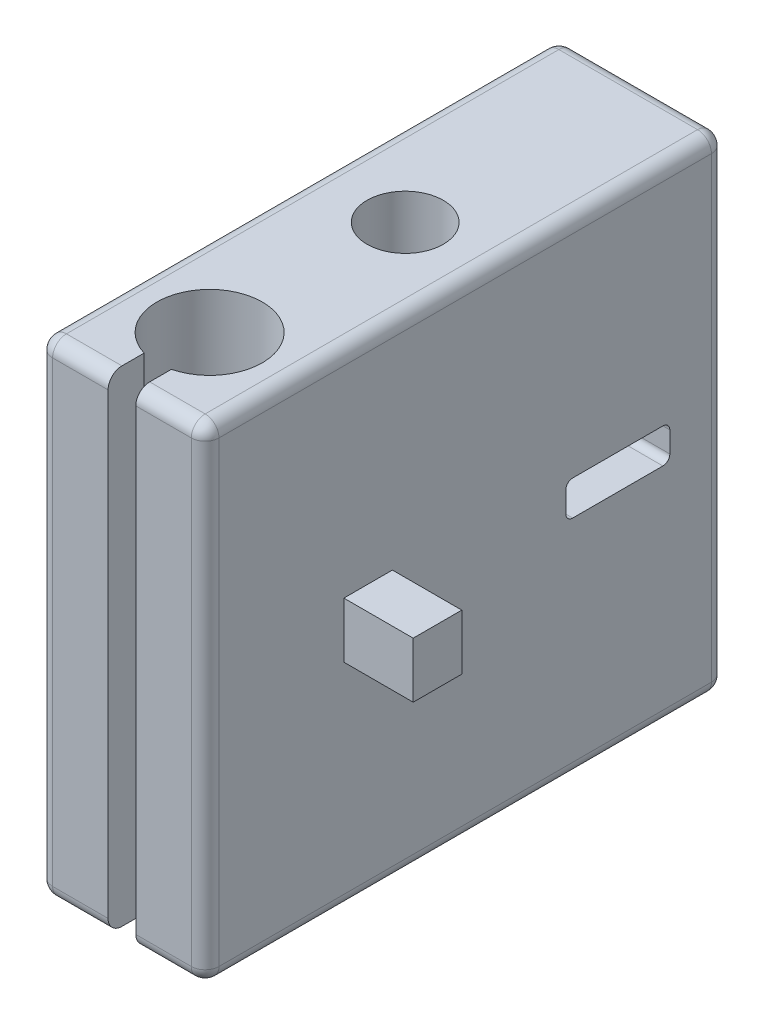
from build123d import *

# Parameters (mm, degrees)
RESSALTO_EXTRUS_O1_DEPTH      = 12
RESSALTO_EXTRUS_O1_DEPTH_BACK = 12
ESBO_O1_W                     = 75
ESBO_O1_H                     = 70
ESBO_O3_R                     = 5.5
CORTE_EXTRUS_O1_DEPTH         = 525.799189678
ESBO_O4_R                     = 4.1
CORTE_EXTRUS_O2_DEPTH         = 20
FILETE1_R                     = 2
CORTE_EXTRUS_O3_DEPTH         = 29
CORTE_EXTRUS_O4_DEPTH         = 28
RESSALTO_EXTRUS_O2_DEPTH      = 10
RESSALTO_EXTRUS_O2_DEPTH_BACK = 34
ESBO_O7_W                     = 7
ESBO_O7_H                     = 8


with BuildPart() as part:
    # Esboço1 → Ressalto-extrusão1 (new, two sides: drawn at the far end of the back side and taken through both)
    with BuildSketch(Plane(origin=(-220, 0, 0), x_dir=(0, 0, -1), z_dir=(1, 0, 0)).offset(-RESSALTO_EXTRUS_O1_DEPTH_BACK)):
        with Locations((-427.999935002, 213.253952806)):
            Rectangle(ESBO_O1_W, ESBO_O1_H)
    extrude(amount=RESSALTO_EXTRUS_O1_DEPTH + RESSALTO_EXTRUS_O1_DEPTH_BACK)

    # Esboço3 → Corte-extrusão1 (cut, through all)
    with BuildSketch(Plane(origin=(0, 248.253952806, 0), x_dir=(1, 0, 0), z_dir=(0, 1, 0))):
        with Locations((-219.508549322, -425.149935105)):
            Circle(ESBO_O3_R)
        with BuildLine():
            Line((-220, -465.499935002), (-218, -465.499935002))
            Line((-218, -465.499935002), (-218, -460.369179456))
            ThreePointArc((-218, -460.369179456), (-219.711945476, -445.401349285), (-222, -460.292000844))
            Line((-222, -460.292000844), (-222, -465.499935002))
            Line((-222, -465.499935002), (-220, -465.499935002))
        make_face()
    extrude(amount=-CORTE_EXTRUS_O1_DEPTH, mode=Mode.SUBTRACT)

    # Esboço4 → Corte-extrusão2 (cut)
    with BuildSketch(Plane(origin=(0, 0, 390.499935002), x_dir=(-1, 0, 0), z_dir=(0, 0, -1))):
        with Locations((219.858557552, 238.253952806)):
            Circle(ESBO_O4_R)
        with Locations((219.858557552, 188.253952806)):
            Circle(ESBO_O4_R)
    extrude(amount=-CORTE_EXTRUS_O2_DEPTH, mode=Mode.SUBTRACT)

    # Filete1
    filete1_edges = [part.edges().sort_by_distance(p)[0] for p in [
        (-227, 178.253952806, 465.499935002),
        (-213, 178.253952806, 465.499935002),
        (-213, 248.253952806, 465.499935002),
        (-227, 248.253952806, 465.499935002),
        (-208, 178.253952806, 427.999935002),
        (-208, 248.253952806, 427.999935002),
        (-208, 213.253952806, 465.499935002),
        (-232, 178.253952806, 427.999935002),
        (-232, 213.253952806, 465.499935002),
        (-232, 248.253952806, 427.999935002),
        (-220, 248.253952806, 390.499935002),
        (-220, 178.253952806, 390.499935002),
        (-208, 213.253952806, 390.499935002),
        (-232, 213.253952806, 390.499935002),
    ]]
    fillet(filete1_edges, radius=FILETE1_R)

    # Esboço5 → Corte-extrusão3 (cut)
    with BuildSketch(Plane(origin=(0, 0, 390.499935002), x_dir=(-1, 0, 0), z_dir=(0, 0, -1))):
        Polygon((214.029916019, 195.25845757), (226.029911989, 195.248623364), (226.059414609, 231.248611275), (214.059418639, 231.258445482), align=None)
    extrude(amount=-CORTE_EXTRUS_O3_DEPTH, mode=Mode.SUBTRACT)

    # Esboço6 → Corte-extrusão4 (cut)
    with BuildSketch(Plane.ZY.offset(232)):
        with BuildLine():
            Line((399.499935002, 215.753952806), (412.499935002, 215.753952806))
            ThreePointArc((412.499935002, 215.753952806), (413.207041783, 215.461059587), (413.499935002, 214.753952806))
            Line((413.499935002, 214.753952806), (413.499935002, 211.753952806))
            ThreePointArc((413.499935002, 211.753952806), (413.207041783, 211.046846025), (412.499935002, 210.753952806))
            Line((412.499935002, 210.753952806), (399.499935002, 210.753952806))
            ThreePointArc((399.499935002, 210.753952806), (398.792828221, 211.046846025), (398.499935002, 211.753952806))
            Line((398.499935002, 211.753952806), (398.499935002, 214.753952806))
            ThreePointArc((398.499935002, 214.753952806), (398.792828221, 215.461059587), (399.499935002, 215.753952806))
        make_face()
    extrude(amount=-CORTE_EXTRUS_O4_DEPTH, mode=Mode.SUBTRACT)

    # Esboço7 → Ressalto-extrusão2 (add, two sides: drawn at the far end of the back side and taken through both)
    with BuildSketch(Plane(origin=(-208, 0, 0), x_dir=(0, 0, -1), z_dir=(1, 0, 0)).offset(-RESSALTO_EXTRUS_O2_DEPTH_BACK)):
        with Locations((-441.999935002, 213.253952806)):
            Rectangle(ESBO_O7_W, ESBO_O7_H)
    extrude(amount=RESSALTO_EXTRUS_O2_DEPTH + RESSALTO_EXTRUS_O2_DEPTH_BACK)


solid = part.part

TASK TO CARRY OUT
Search term "SUBTRACT": return each line of the data that contains it.

THE ANSWER
    extrude(amount=-CORTE_EXTRUS_O1_DEPTH, mode=Mode.SUBTRACT)
    extrude(amount=-CORTE_EXTRUS_O2_DEPTH, mode=Mode.SUBTRACT)
    extrude(amount=-CORTE_EXTRUS_O3_DEPTH, mode=Mode.SUBTRACT)
    extrude(amount=-CORTE_EXTRUS_O4_DEPTH, mode=Mode.SUBTRACT)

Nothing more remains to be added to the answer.